Laboratory for Epigenomics, Division of Molecular Medicine, Ruđer Bošković Institute, P.O. Box 180, HR-10002 Zagreb, Croatia.
Food Chem. 2013 Nov 15;141(2):1562-70. doi: 10.1016/j.foodchem.2013.03.072. Epub 2013 Mar 29.
Notwithstanding multiple mechanisms of radical scavenging (RS), measured RS activities (RSA) of flavonoids are usually related to O-H bond dissociation enthalpy (BDE) for hydrogen atom transfer (HAT). For 12 flavonoids the reaction free energies were calculated for: (1) HAT, (2) single electron transfer-proton transfer (SET-PT) and (3) sequential proton loss electron transfer (SPLET) in gas and aqueous phases. Aqueous free energies, like bond dissociation (BDFEaq), ionisation (IFEaq) and deprotonation (ΔGdeprot,aq) free energies were estimated using thermochemical cycles. While in gas HAT is a RS mechanism (BDFEg<IFEg<ΔGdeprot,g), in water SPLET can be concurrent or dominant mechanism depending upon pH since ΔGdeprot,aq<BDFEaq and ETFEaq⩽BDFEaq. For 12 flavonoids, BDFEaq has been correlated with ΔGdeprot,aq and ETFEaq with r=0.74 and 0.87 respectively. This reveals why BD(F)E parameter explains most of variance in variously measured RSA data even if the underlying mechanism is SPLET.

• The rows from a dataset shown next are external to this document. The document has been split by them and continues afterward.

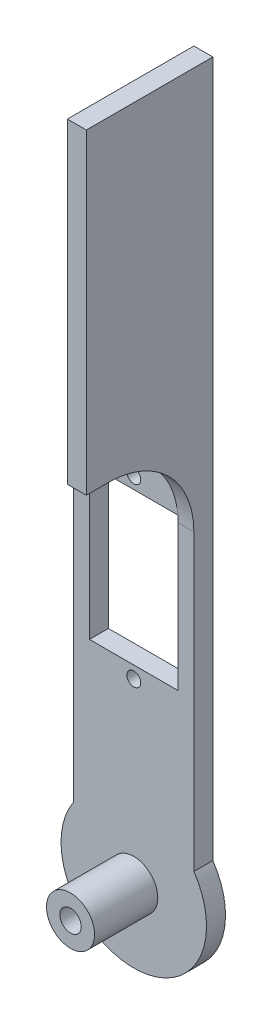
ISO-10303-21;
HEADER;
FILE_DESCRIPTION(('STEP AP214'),'2;1');
FILE_NAME('part.step','',(''),(''),'','','');
FILE_SCHEMA(('AUTOMOTIVE_DESIGN { 1 0 10303 214 1 1 1 1 }'));
ENDSEC;
DATA;
#1=APPLICATION_CONTEXT('core data for automotive mechanical design processes');
#2=APPLICATION_PROTOCOL_DEFINITION('international standard','automotive_design',2000,#1);
#3=PRODUCT_CONTEXT('',#1,'mechanical');
#4=PRODUCT('Part','Part','',(#3));
#5=PRODUCT_RELATED_PRODUCT_CATEGORY('part','',(#4));
#6=PRODUCT_DEFINITION_FORMATION('','',#4);
#7=PRODUCT_DEFINITION_CONTEXT('part definition',#1,'design');
#8=PRODUCT_DEFINITION('design','',#6,#7);
#9=PRODUCT_DEFINITION_SHAPE('','',#8);
#10=(LENGTH_UNIT() NAMED_UNIT(*) SI_UNIT(.MILLI.,.METRE.));
#11=(NAMED_UNIT(*) PLANE_ANGLE_UNIT() SI_UNIT($,.RADIAN.));
#12=(NAMED_UNIT(*) SI_UNIT($,.STERADIAN.) SOLID_ANGLE_UNIT());
#13=UNCERTAINTY_MEASURE_WITH_UNIT(LENGTH_MEASURE(1.E-05),#10,'distance_accuracy_value','');
#14=(GEOMETRIC_REPRESENTATION_CONTEXT(3) GLOBAL_UNCERTAINTY_ASSIGNED_CONTEXT((#13)) GLOBAL_UNIT_ASSIGNED_CONTEXT((#10,
#11,#12)) REPRESENTATION_CONTEXT('',''));
#15=CARTESIAN_POINT('',(0.,0.,0.));
#16=DIRECTION('',(0.,0.,1.));
#17=DIRECTION('',(1.,0.,0.));
#18=AXIS2_PLACEMENT_3D('',#15,#16,#17);
#19=CARTESIAN_POINT('',(10.1,52.9807406984079,3.));
#20=CARTESIAN_POINT('',(9.90000000000011,52.9807406984079,3.));
#21=CARTESIAN_POINT('',(9.69999999999985,52.9807406984079,3.));
#22=CARTESIAN_POINT('',(8.66666666666728,52.9807406984079,3.));
#23=CARTESIAN_POINT('',(7.8333333333339,52.9807406984079,3.));
#24=CARTESIAN_POINT('',(5.83333333333254,52.9807406984079,3.));
#25=CARTESIAN_POINT('',(4.66666666666726,52.9807406984079,3.));
#26=CARTESIAN_POINT('',(3.49999999999999,52.9807406984079,3.));
#27=CARTESIAN_POINT('',(10.1,66.4807406984079,3.));
#28=CARTESIAN_POINT('',(9.90000000000011,66.4807406984079,3.));
#29=CARTESIAN_POINT('',(9.69999999999985,66.4807406984079,3.));
#30=CARTESIAN_POINT('',(8.66666666666728,66.4807406984079,3.));
#31=CARTESIAN_POINT('',(7.8333333333339,66.4807406984079,3.));
#32=CARTESIAN_POINT('',(5.83333333333254,66.4807406984079,3.));
#33=CARTESIAN_POINT('',(4.66666666666726,66.4807406984079,3.));
#34=CARTESIAN_POINT('',(3.49999999999999,66.4807406984079,3.));
#35=CARTESIAN_POINT('',(10.1,66.4807406984079,16.5));
#36=CARTESIAN_POINT('',(9.90000000000011,66.4807406984079,16.5));
#37=CARTESIAN_POINT('',(9.69999999999985,66.4807406984079,16.5000000000003));
#38=CARTESIAN_POINT('',(8.66666666666728,66.4807406984079,16.4999999999986));
#39=CARTESIAN_POINT('',(7.8333333333339,66.4807406984079,16.5000000000014));
#40=CARTESIAN_POINT('',(5.83333333333254,66.4807406984079,16.499999999998));
#41=CARTESIAN_POINT('',(4.66666666666726,66.4807406984079,16.5));
#42=CARTESIAN_POINT('',(3.49999999999999,66.4807406984079,16.5));
#43=(BOUNDED_SURFACE() B_SPLINE_SURFACE(2,3,((#19,#20,#21,#22,#23,#24,#25,#26),(#27,#28,#29,#30,
#31,#32,#33,#34),(#35,#36,#37,#38,#39,#40,#41,#42)),.UNSPECIFIED.,.F.,.F.,
.F.) B_SPLINE_SURFACE_WITH_KNOTS((3,3),(4,2,2,4),(0.,1.),(-0.2,0.,0.833333333333332,2.),
.UNSPECIFIED.) GEOMETRIC_REPRESENTATION_ITEM() RATIONAL_B_SPLINE_SURFACE(((1.,1.,1.,1.,1.,1.,1.,
1.),(0.707106781186548,0.707106781186548,0.707106781186548,0.707106781186548,0.707106781186548,
0.707106781186548,0.707106781186548,0.707106781186548),(1.,1.,1.,1.,1.,1.,1.,1.))) REPRESENTATION_ITEM('') SURFACE());
#44=CARTESIAN_POINT('',(3.49999999999999,52.9807406984079,3.));
#45=CARTESIAN_POINT('',(4.66666666666726,52.9807406984079,3.));
#46=CARTESIAN_POINT('',(5.83333333333254,52.9807406984079,3.));
#47=CARTESIAN_POINT('',(7.8333333333339,52.9807406984079,3.));
#48=CARTESIAN_POINT('',(8.66666666666728,52.9807406984079,3.));
#49=CARTESIAN_POINT('',(9.69999999999985,52.9807406984079,3.));
#50=CARTESIAN_POINT('',(9.90000000000011,52.9807406984079,3.));
#51=CARTESIAN_POINT('',(10.1,52.9807406984079,3.));
#52=(BOUNDED_CURVE() B_SPLINE_CURVE(3,(#44,#45,#46,#47,#48,#49,#50,#51),.UNSPECIFIED.,.F.,
.F.) B_SPLINE_CURVE_WITH_KNOTS((4,2,2,4),(-0.2,0.966666666666668,1.8,2.),
.UNSPECIFIED.) CURVE() GEOMETRIC_REPRESENTATION_ITEM() RATIONAL_B_SPLINE_CURVE((1.,1.,1.,1.,1.,
1.,1.,1.)) REPRESENTATION_ITEM(''));
#53=CARTESIAN_POINT('',(9.5,52.9807406984079,3.));
#54=VERTEX_POINT('',#53);
#55=CARTESIAN_POINT('',(7.,52.9807406984079,3.));
#56=VERTEX_POINT('',#55);
#57=EDGE_CURVE('E307',#54,#56,#52,.F.);
#58=CARTESIAN_POINT('',(9.5,52.9807406984079,3.));
#59=CARTESIAN_POINT('',(9.5,66.4807406984079,3.));
#60=CARTESIAN_POINT('',(9.5,66.4807406984079,16.5));
#61=(BOUNDED_CURVE() B_SPLINE_CURVE(2,(#58,#59,#60),.UNSPECIFIED.,.F.,
.F.) B_SPLINE_CURVE_WITH_KNOTS((3,3),(0.,1.),
.UNSPECIFIED.) CURVE() GEOMETRIC_REPRESENTATION_ITEM() RATIONAL_B_SPLINE_CURVE((1.,
0.707106781186548,1.)) REPRESENTATION_ITEM(''));
#62=CARTESIAN_POINT('',(9.5,66.4807406984079,16.5));
#63=VERTEX_POINT('',#62);
#64=EDGE_CURVE('E62',#54,#63,#61,.T.);
#65=CARTESIAN_POINT('',(10.1,66.4807406984079,16.5));
#66=CARTESIAN_POINT('',(9.90000000000011,66.4807406984079,16.5));
#67=CARTESIAN_POINT('',(9.69999999999985,66.4807406984079,16.5000000000003));
#68=CARTESIAN_POINT('',(8.66666666666728,66.4807406984079,16.4999999999986));
#69=CARTESIAN_POINT('',(7.8333333333339,66.4807406984079,16.5000000000014));
#70=CARTESIAN_POINT('',(5.83333333333254,66.4807406984079,16.499999999998));
#71=CARTESIAN_POINT('',(4.66666666666726,66.4807406984079,16.5));
#72=CARTESIAN_POINT('',(3.49999999999999,66.4807406984079,16.5));
#73=(BOUNDED_CURVE() B_SPLINE_CURVE(3,(#65,#66,#67,#68,#69,#70,#71,#72),.UNSPECIFIED.,.F.,
.F.) B_SPLINE_CURVE_WITH_KNOTS((4,2,2,4),(-0.2,0.,0.833333333333332,2.),
.UNSPECIFIED.) CURVE() GEOMETRIC_REPRESENTATION_ITEM() RATIONAL_B_SPLINE_CURVE((1.,1.,1.,1.,1.,
1.,1.,1.)) REPRESENTATION_ITEM(''));
#74=CARTESIAN_POINT('',(7.,66.4807406984079,16.5));
#75=VERTEX_POINT('',#74);
#76=EDGE_CURVE('E209',#75,#63,#73,.F.);
#77=CARTESIAN_POINT('',(7.,66.4807406984079,16.5));
#78=CARTESIAN_POINT('',(7.,66.4807406984079,3.));
#79=CARTESIAN_POINT('',(7.,52.9807406984079,3.));
#80=(BOUNDED_CURVE() B_SPLINE_CURVE(2,(#77,#78,#79),.UNSPECIFIED.,.F.,
.F.) B_SPLINE_CURVE_WITH_KNOTS((3,3),(0.,1.),
.UNSPECIFIED.) CURVE() GEOMETRIC_REPRESENTATION_ITEM() RATIONAL_B_SPLINE_CURVE((1.,
0.707106781186548,1.)) REPRESENTATION_ITEM(''));
#81=EDGE_CURVE('E12',#75,#56,#80,.T.);
#82=ORIENTED_EDGE('',*,*,#57,.F.);
#83=ORIENTED_EDGE('',*,*,#64,.T.);
#84=ORIENTED_EDGE('',*,*,#76,.F.);
#85=ORIENTED_EDGE('',*,*,#81,.T.);
#86=EDGE_LOOP('',(#82,#83,#84,#85));
#87=FACE_BOUND('',#86,.T.);
#88=ADVANCED_FACE('F47',(#87),#43,.T.);
#89=CARTESIAN_POINT('',(-9.5,66.4807406984079,3.));
#90=DIRECTION('',(0.,-1.,0.));
#91=DIRECTION('',(0.,0.,-1.));
#92=AXIS2_PLACEMENT_3D('',#89,#90,#91);
#93=PLANE('',#92);
#94=DIRECTION('',(0.,0.,1.));
#95=VECTOR('',#94,1.);
#96=CARTESIAN_POINT('',(6.5,66.4807406984079,0.));
#97=LINE('',#96,#95);
#98=CARTESIAN_POINT('',(6.5,66.4807406984079,0.));
#99=VERTEX_POINT('',#98);
#100=CARTESIAN_POINT('',(6.5,66.4807406984079,3.));
#101=VERTEX_POINT('',#100);
#102=EDGE_CURVE('E184',#99,#101,#97,.T.);
#103=ORIENTED_EDGE('',*,*,#102,.F.);
#104=DIRECTION('',(-1.,0.,0.));
#105=VECTOR('',#104,1.);
#106=CARTESIAN_POINT('',(-9.5,66.4807406984079,0.));
#107=LINE('',#106,#105);
#108=CARTESIAN_POINT('',(-9.5,66.4807406984079,0.));
#109=VERTEX_POINT('',#108);
#110=EDGE_CURVE('E162',#99,#109,#107,.T.);
#111=ORIENTED_EDGE('',*,*,#110,.T.);
#112=DIRECTION('',(0.,0.,-1.));
#113=VECTOR('',#112,1.);
#114=CARTESIAN_POINT('',(-9.5,66.4807406984079,3.));
#115=LINE('',#114,#113);
#116=CARTESIAN_POINT('',(-9.5,66.4807406984079,3.));
#117=VERTEX_POINT('',#116);
#118=EDGE_CURVE('E387',#117,#109,#115,.T.);
#119=ORIENTED_EDGE('',*,*,#118,.F.);
#120=DIRECTION('',(-1.,0.,0.));
#121=VECTOR('',#120,1.);
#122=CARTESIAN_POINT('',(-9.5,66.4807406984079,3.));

尽管黄酮类化合物具有多种清除自由基(RS)的机制,但测得的 RS 活性(RSA)通常与氢原子转移(HAT)的 O-H 键离解焓(BDE)有关。对于 12 种黄酮类化合物,在气相和水相条件下分别计算了 HAT、单电子转移-质子转移(SET-PT)和顺序质子丢失电子转移(SPLET)的反应自由能。水相自由能,如键离解(BDFEaq)、离解能(IFEaq)和去质子化(ΔGdeprot,aq)自由能,是通过热化学循环来估算的。虽然在气相中 HAT 是一种 RS 机制(BDFEg<IFEg<ΔGdeprot,g),但在水中 SPLET 可以是并发或主导机制,这取决于 pH 值,因为 ΔGdeprot,aq<BDFEaq 且 ETFEaq⩽BDFEaq。对于 12 种黄酮类化合物,BDFEaq 与 ΔGdeprot,aq 呈正相关,ETFEaq 与 ΔGdeprot,aq 呈正相关,相关系数分别为 0.74 和 0.87。这揭示了为什么 BD(F)E 参数可以解释大多数不同测量 RSA 数据中的差异,即使潜在的机制是 SPLET。